Pursuing the Fashion Path with Passion and Purpose

You may already be designing clothes or quietly sketching your ideas. To become a successful fashion designer you need a true passion for fashion. As Beyonce’s mother and family have demonstrated in their Dereon clothes line, fashion design has to be in your blood or something you feel destined to do. When your determination is strong, obstacles won’t deter you from pursuing your goals.

Design, Design, Design

Your success will depend on creative designs that speak to people. The more you design, the more you will develop a distinct and personal style. Although it’s possible for designers to hit a winning idea when they first start out their career, many engage in years of study, practice and trial and error.

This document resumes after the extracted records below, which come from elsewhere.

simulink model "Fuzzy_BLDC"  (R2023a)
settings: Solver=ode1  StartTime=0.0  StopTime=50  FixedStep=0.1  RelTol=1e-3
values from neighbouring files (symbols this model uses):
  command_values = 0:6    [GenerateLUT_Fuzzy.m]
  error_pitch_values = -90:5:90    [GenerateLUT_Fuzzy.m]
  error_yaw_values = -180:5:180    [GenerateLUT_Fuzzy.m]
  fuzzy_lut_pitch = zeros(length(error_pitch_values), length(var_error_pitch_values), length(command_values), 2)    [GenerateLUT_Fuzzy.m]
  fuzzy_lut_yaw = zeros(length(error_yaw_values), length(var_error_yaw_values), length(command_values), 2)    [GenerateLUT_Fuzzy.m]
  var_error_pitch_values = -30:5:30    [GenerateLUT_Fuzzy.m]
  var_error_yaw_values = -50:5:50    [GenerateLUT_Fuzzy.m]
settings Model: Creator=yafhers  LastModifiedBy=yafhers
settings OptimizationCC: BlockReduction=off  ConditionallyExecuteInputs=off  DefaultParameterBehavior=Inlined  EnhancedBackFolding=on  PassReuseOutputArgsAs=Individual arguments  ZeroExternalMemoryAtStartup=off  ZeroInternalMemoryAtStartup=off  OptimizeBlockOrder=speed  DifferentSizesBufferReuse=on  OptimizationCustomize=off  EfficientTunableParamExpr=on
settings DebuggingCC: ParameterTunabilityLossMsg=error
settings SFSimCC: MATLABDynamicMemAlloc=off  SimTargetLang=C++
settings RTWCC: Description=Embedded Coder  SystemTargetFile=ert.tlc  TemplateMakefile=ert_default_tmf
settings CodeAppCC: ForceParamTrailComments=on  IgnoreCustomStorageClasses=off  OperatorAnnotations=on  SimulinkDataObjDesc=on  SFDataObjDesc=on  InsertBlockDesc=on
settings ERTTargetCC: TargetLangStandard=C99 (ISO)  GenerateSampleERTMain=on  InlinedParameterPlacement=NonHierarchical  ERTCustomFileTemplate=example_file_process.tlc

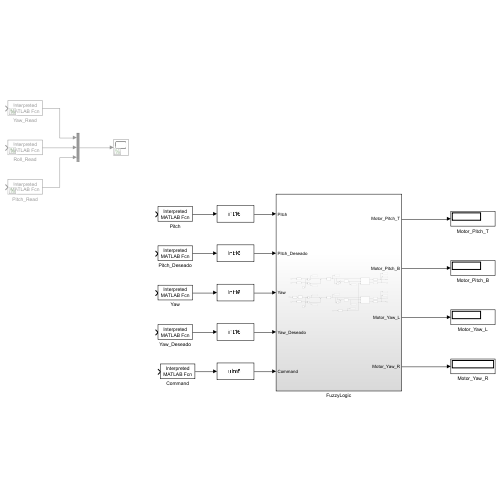
[thumbnail: Simulink's stored preview of the top-level diagram]
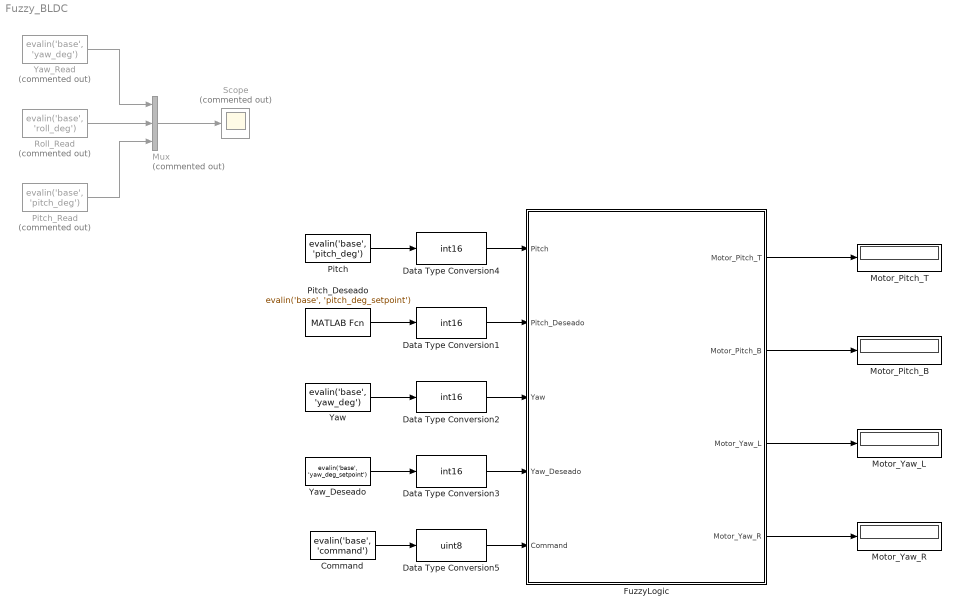
== system Fuzzy_BLDC ==
  Command : MATLABFcn  MATLABFcn=evalin('base', 'command')  OutputDimensions=1
  Data Type Conversion{1..4} (4 alike) : DataTypeConversion  OutDataTypeStr=int16  SaturateOnIntegerOverflow=off  RndMeth=Floor
  Data Type Conversion5 : DataTypeConversion  OutDataTypeStr=uint8  SaturateOnIntegerOverflow=off  RndMeth=Floor
  FuzzyLogic : Subsystem
  Motor_Pitch_B : Display
  Motor_Pitch_T : Display
  Motor_Yaw_L : Display
  Motor_Yaw_R : Display
  Mux : Mux  Commented=on  Inputs=3
  Pitch : MATLABFcn  MATLABFcn=evalin('base', 'pitch_deg')  OutputDimensions=1
  Pitch_Deseado : MATLABFcn  MATLABFcn=evalin('base', 'pitch_deg_setpoint')  OutputDimensions=1
  Pitch_Read : MATLABFcn  Commented=on  MATLABFcn=evalin('base', 'pitch_deg')  OutputDimensions=1  OutputSignalType=real
  Roll_Read : MATLABFcn  Commented=on  MATLABFcn=evalin('base', 'roll_deg')  OutputDimensions=1  OutputSignalType=real
  Scope : Scope  Commented=on
  Yaw : MATLABFcn  MATLABFcn=evalin('base', 'yaw_deg')  OutputDimensions=1
  Yaw_Deseado : MATLABFcn  MATLABFcn=evalin('base', 'yaw_deg_setpoint')  OutputDimensions=1
  Yaw_Read : MATLABFcn  Commented=on  MATLABFcn=evalin('base', 'yaw_deg')  OutputDimensions=1  OutputSignalType=real
  wires:
  Roll_Read/1 -> Mux/2
  Yaw_Read/1 -> Mux/1
  Pitch_Read/1 -> Mux/3
  Mux/1 -> Scope/1
  FuzzyLogic/2(Motor_Pitch_B) -> Motor_Pitch_B/1
  FuzzyLogic/1(Motor_Pitch_T) -> Motor_Pitch_T/1
  FuzzyLogic/3(Motor_Yaw_L) -> Motor_Yaw_L/1
  FuzzyLogic/4(Motor_Yaw_R) -> Motor_Yaw_R/1
  Command/1 -> Data Type Conversion5/1
  Data Type Conversion5/1 -> FuzzyLogic/5(Command)
  Pitch/1 -> Data Type Conversion4/1
  Data Type Conversion4/1 -> FuzzyLogic/1(Pitch)
  Pitch_Deseado/1 -> Data Type Conversion1/1
  Data Type Conversion1/1 -> FuzzyLogic/2(Pitch_Deseado)
  Yaw/1 -> Data Type Conversion2/1
  Data Type Conversion2/1 -> FuzzyLogic/3(Yaw)
  Yaw_Deseado/1 -> Data Type Conversion3/1
  Data Type Conversion3/1 -> FuzzyLogic/4(Yaw_Deseado)

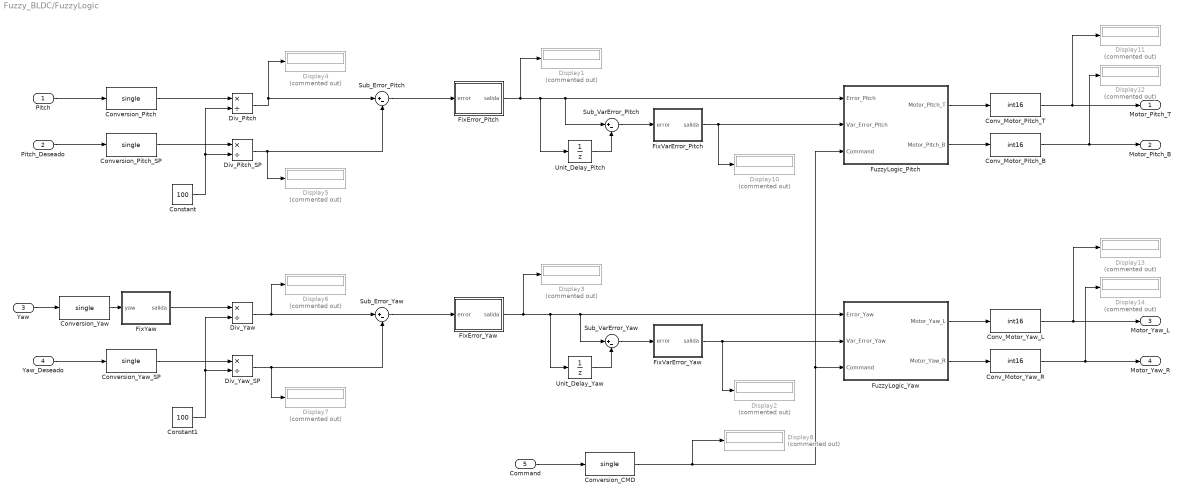
== system Fuzzy_BLDC/FuzzyLogic ==
  Pitch : Inport  OutDataTypeStr=int16
  Pitch_Deseado : Inport  Port=2  OutDataTypeStr=int16
  Yaw : Inport  Port=3  OutDataTypeStr=int16
  Yaw_Deseado : Inport  Port=4  OutDataTypeStr=int16
  Command : Inport  Port=5  OutDataTypeStr=uint8
  Constant : Constant  Value=100  OutDataTypeStr=single
  Constant1 : Constant  Value=100  OutDataTypeStr=single
  Conv_Motor_Pitch_B : DataTypeConversion  OutDataTypeStr=int16  SaturateOnIntegerOverflow=off  RndMeth=Floor
  Conv_Motor_Pitch_T : DataTypeConversion  OutDataTypeStr=int16  SaturateOnIntegerOverflow=off  RndMeth=Floor
  Conv_Motor_Yaw_L : DataTypeConversion  OutDataTypeStr=int16  SaturateOnIntegerOverflow=off  RndMeth=Floor
  Conv_Motor_Yaw_R : DataTypeConversion  OutDataTypeStr=int16  SaturateOnIntegerOverflow=off  RndMeth=Floor
  Conversion_CMD : DataTypeConversion  OutDataTypeStr=single  SaturateOnIntegerOverflow=off  RndMeth=Floor
  Conversion_Pitch : DataTypeConversion  OutDataTypeStr=single  SaturateOnIntegerOverflow=off  RndMeth=Floor
  Conversion_Pitch_SP : DataTypeConversion  OutDataTypeStr=single  SaturateOnIntegerOverflow=off  RndMeth=Floor
  Conversion_Yaw : DataTypeConversion  OutDataTypeStr=single  SaturateOnIntegerOverflow=off  RndMeth=Floor
  Conversion_Yaw_SP : DataTypeConversion  OutDataTypeStr=single  SaturateOnIntegerOverflow=off  RndMeth=Floor
  Display{1..8,10..14} (13 alike) : Display  Commented=on
  Div_Pitch : Product  Inputs=*/  OutDataTypeStr=single
  Div_Pitch_SP : Product  Inputs=*/  OutDataTypeStr=single
  Div_Yaw : Product  Inputs=*/  OutDataTypeStr=single
  Div_Yaw_SP : Product  Inputs=*/  OutDataTypeStr=single
  FixError_Pitch : MATLAB Function  TreatAsAtomicUnit=on
  FixError_Yaw : MATLAB Function  TreatAsAtomicUnit=on
  FixVarError_Pitch : MATLAB Function  TreatAsAtomicUnit=on
  FixVarError_Yaw : MATLAB Function  TreatAsAtomicUnit=on
  FixYaw : MATLAB Function  TreatAsAtomicUnit=on
  FuzzyLogic_Pitch : Subsystem
  FuzzyLogic_Yaw : Subsystem
  Sub_Error_Pitch : Sum  Inputs=|+-
  Sub_Error_Yaw : Sum  Inputs=|+-
  Sub_VarError_Pitch : Sum  Inputs=|+-
  Sub_VarError_Yaw : Sum  Inputs=|+-
  Unit_Delay_Pitch : UnitDelay  SampleTime=-1  HasFrameUpgradeWarning=on
  Unit_Delay_Yaw : UnitDelay  SampleTime=-1  HasFrameUpgradeWarning=on
  Motor_Pitch_T : Outport  OutDataTypeStr=int16
  Motor_Pitch_B : Outport  Port=2  OutDataTypeStr=int16
  Motor_Yaw_L : Outport  Port=3  OutDataTypeStr=int16
  Motor_Yaw_R : Outport  Port=4  OutDataTypeStr=int16
  wires:
  Unit_Delay_Pitch/1 -> Sub_VarError_Pitch/2
  Unit_Delay_Yaw/1 -> Sub_VarError_Yaw/2
  Yaw/1 -> Conversion_Yaw/1
  Pitch/1 -> Conversion_Pitch/1
  Pitch_Deseado/1 -> Conversion_Pitch_SP/1
  Command/1 -> Conversion_CMD/1
  Conversion_CMD/1 -> FuzzyLogic_Yaw/3(Command), FuzzyLogic_Pitch/3(Command), Display8/1
  Conversion_Pitch/1 -> Div_Pitch/1
  Conversion_Pitch_SP/1 -> Div_Pitch_SP/1
  Constant/1 -> Div_Pitch_SP/2, Div_Pitch/2
  Div_Pitch/1 -> Display4/1, Sub_Error_Pitch/1
  Div_Pitch_SP/1 -> Display5/1, Sub_Error_Pitch/2
  Constant1/1 -> Div_Yaw_SP/2, Div_Yaw/2
  Conversion_Yaw_SP/1 -> Div_Yaw_SP/1
  Div_Yaw_SP/1 -> Display7/1, Sub_Error_Yaw/2
  Yaw_Deseado/1 -> Conversion_Yaw_SP/1
  Sub_Error_Yaw/1 -> FixError_Yaw/1(error)
  Sub_Error_Pitch/1 -> FixError_Pitch/1(error)
  FixError_Yaw/1(salida) -> Display3/1, Unit_Delay_Yaw/1, Sub_VarError_Yaw/1, FuzzyLogic_Yaw/1(Error_Yaw)
  FixError_Pitch/1(salida) -> FuzzyLogic_Pitch/1(Error_Pitch), Sub_VarError_Pitch/1, Unit_Delay_Pitch/1, Display1/1
  FuzzyLogic_Pitch/1(Motor_Pitch_T) -> Conv_Motor_Pitch_T/1
  FuzzyLogic_Pitch/2(Motor_Pitch_B) -> Conv_Motor_Pitch_B/1
  FuzzyLogic_Yaw/2(Motor_Yaw_R) -> Conv_Motor_Yaw_R/1
  FuzzyLogic_Yaw/1(Motor_Yaw_L) -> Conv_Motor_Yaw_L/1
  Conv_Motor_Yaw_L/1 -> Display13/1, Motor_Yaw_L/1
  Conv_Motor_Yaw_R/1 -> Display14/1, Motor_Yaw_R/1
  Conv_Motor_Pitch_T/1 -> Display11/1, Motor_Pitch_T/1
  Conv_Motor_Pitch_B/1 -> Display12/1, Motor_Pitch_B/1
  Div_Yaw/1 -> Display6/1, Sub_Error_Yaw/1
  Conversion_Yaw/1 -> FixYaw/1(yaw)
  FixYaw/1(salida) -> Div_Yaw/1
  Sub_VarError_Pitch/1 -> FixVarError_Pitch/1(error)
  FixVarError_Pitch/1(salida) -> Display10/1, FuzzyLogic_Pitch/2(Var_Error_Pitch)
  Sub_VarError_Yaw/1 -> FixVarError_Yaw/1(error)
  FixVarError_Yaw/1(salida) -> Display2/1, FuzzyLogic_Yaw/2(Var_Error_Yaw)

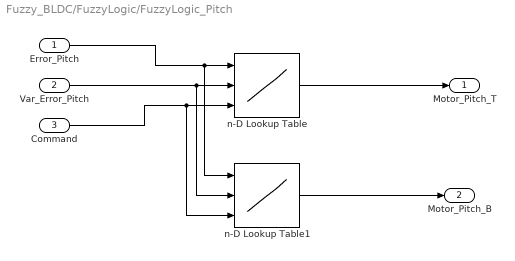
== system Fuzzy_BLDC/FuzzyLogic/FuzzyLogic_Pitch ==
  Error_Pitch : Inport
  Var_Error_Pitch : Inport  Port=2
  Command : Inport  Port=3
  n-D Lookup Table : Lookup_n-D  NumberOfTableDimensions=3  LookupTableObject=''  BreakpointsForDimension1=error_pitch_values  BreakpointsForDimension2=var_error_pitch_values  BreakpointsForDimension3=command_values  BreakpointsForDimension1FirstPoint=10  BreakpointsForDimension2FirstPoint=10  BreakpointsForDimension1Spacing=12  BreakpointsForDimension2Spacing=12  IndexSearchMethod=Evenly spaced points  Table=fuzzy_lut_pitch(:,:,:,1)  InterpMethod=Flat  DiagnosticForOutOfRangeInput=Error  InternalRulePriority=Speed  RndMeth=Simplest
      settings: InputPortMap=u0,u1,u2
  n-D Lookup Table1 : Lookup_n-D  NumberOfTableDimensions=3  LookupTableObject=''  BreakpointsForDimension1=error_pitch_values  BreakpointsForDimension2=var_error_pitch_values  BreakpointsForDimension3=command_values  BreakpointsForDimension1FirstPoint=10  BreakpointsForDimension2FirstPoint=10  BreakpointsForDimension1Spacing=12  BreakpointsForDimension2Spacing=12  IndexSearchMethod=Evenly spaced points  Table=fuzzy_lut_pitch(:,:,:,2)  InterpMethod=Flat  DiagnosticForOutOfRangeInput=Error  InternalRulePriority=Speed  RndMeth=Simplest
      settings: InputPortMap=u0,u1,u2
  Motor_Pitch_T : Outport
  Motor_Pitch_B : Outport  Port=2
  wires:
  n-D Lookup Table1/1 -> Motor_Pitch_B/1
  n-D Lookup Table/1 -> Motor_Pitch_T/1
  Error_Pitch/1 -> n-D Lookup Table/1, n-D Lookup Table1/1
  Var_Error_Pitch/1 -> n-D Lookup Table/2, n-D Lookup Table1/2
  Command/1 -> n-D Lookup Table/3, n-D Lookup Table1/3

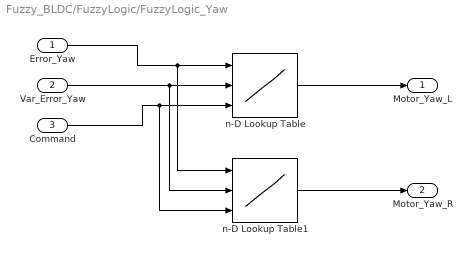
== system Fuzzy_BLDC/FuzzyLogic/FuzzyLogic_Yaw ==
  Error_Yaw : Inport  OutDataTypeStr=single
  Var_Error_Yaw : Inport  Port=2  OutDataTypeStr=single
  Command : Inport  Port=3  OutDataTypeStr=single
  n-D Lookup Table : Lookup_n-D  NumberOfTableDimensions=3  LookupTableObject=''  BreakpointsForDimension1=error_yaw_values  BreakpointsForDimension2=var_error_yaw_values  BreakpointsForDimension3=command_values  BreakpointsForDimension1FirstPoint=10  BreakpointsForDimension2FirstPoint=10  BreakpointsForDimension1Spacing=12  BreakpointsForDimension2Spacing=12  BreakpointsForDimension1DataTypeStr=single  BreakpointsForDimension2DataTypeStr=single  BreakpointsForDimension3DataTypeStr=single  IndexSearchMethod=Evenly spaced points  Table=fuzzy_lut_yaw(:,:,:,1)  TableDataTypeStr=single  InterpMethod=Flat  DiagnosticForOutOfRangeInput=Error  InternalRulePriority=Speed  OutDataTypeStr=single  RndMeth=Simplest
      settings: InputPortMap=u0,u1,u2
  n-D Lookup Table1 : Lookup_n-D  NumberOfTableDimensions=3  LookupTableObject=''  BreakpointsForDimension1=error_yaw_values  BreakpointsForDimension2=var_error_yaw_values  BreakpointsForDimension3=command_values  BreakpointsForDimension1FirstPoint=10  BreakpointsForDimension2FirstPoint=10  BreakpointsForDimension1Spacing=12  BreakpointsForDimension2Spacing=12  BreakpointsForDimension1DataTypeStr=single  BreakpointsForDimension2DataTypeStr=single  BreakpointsForDimension3DataTypeStr=single  IndexSearchMethod=Evenly spaced points  Table=fuzzy_lut_yaw(:,:,:,2)  TableDataTypeStr=single  InterpMethod=Flat  DiagnosticForOutOfRangeInput=Error  InternalRulePriority=Speed  OutDataTypeStr=single  RndMeth=Simplest
      settings: InputPortMap=u0,u1,u2
  Motor_Yaw_L : Outport
  Motor_Yaw_R : Outport  Port=2
  wires:
  n-D Lookup Table/1 -> Motor_Yaw_L/1
  Error_Yaw/1 -> n-D Lookup Table1/1, n-D Lookup Table/1
  Var_Error_Yaw/1 -> n-D Lookup Table1/2, n-D Lookup Table/2
  Command/1 -> n-D Lookup Table1/3, n-D Lookup Table/3
  n-D Lookup Table1/1 -> Motor_Yaw_R/1

== matlab function Fuzzy_BLDC/FuzzyLogic/FixError_Pitch ==
  data: error input; salida output
function salida = corrige_error(error)
    if error > 180
        salida = error - 360;
    elseif error < -180
        salida = error + 360;
    else
        salida = error;
    end

    salida = round(salida / 5) * 5;
end

== matlab function Fuzzy_BLDC/FuzzyLogic/FixYaw ==
  data: yaw input; salida output
function salida = corrige_yaw(yaw)
    if yaw < 0 
        salida = single(0.0);
    else
        salida = yaw;
    end
end

== matlab function Fuzzy_BLDC/FuzzyLogic/FixVarError_Pitch ==
  data: error input; salida output
function salida = corrige_error(error)
    if error > 30
        salida = single(30.0);
    elseif error < -30
        salida = single(-30.0);
    else
        salida = error;
    end

    salida = round(salida / 5) * 5;
end

== matlab function Fuzzy_BLDC/FuzzyLogic/FixVarError_Yaw ==
  data: error input; salida output
function salida = corrige_error(error)
    if error > 50
        salida = single(30.0);
    elseif error < -50
        salida = single(-30.0);
    else
        salida = error;
    end

    salida = round(salida / 5) * 5;
end

== matlab function Fuzzy_BLDC/FuzzyLogic/FixError_Yaw ==
  data: error input; salida output
function salida = corrige_error(error)
    if error > 180
        salida = (error - 360);
    elseif error < -180
        salida = (error + 360);
    else
        salida = error;
    end

    salida = round(salida / 5) * 5;
end

Combining Design and Business

Assess your business acumen. If you prefer designing clothes to business management, pair up with a trusted business partner. If you do possess business skills, spend time networking with others in the fashion industry. Visit retail shops and department stores to present them with your clothing line. Be prepared to speak to many retailers. Don’t be afraid to knock on every door and step outside of your comfort zone to sell your products.

Expanding Your Business Network

Networking is vital to having a successful business. Businesses that have a vast network have access to many resources, potential clients and business connections. Business owners all over the world work constantly to develop and expand their business network so they can reap the benefits of having a large, well-connected network.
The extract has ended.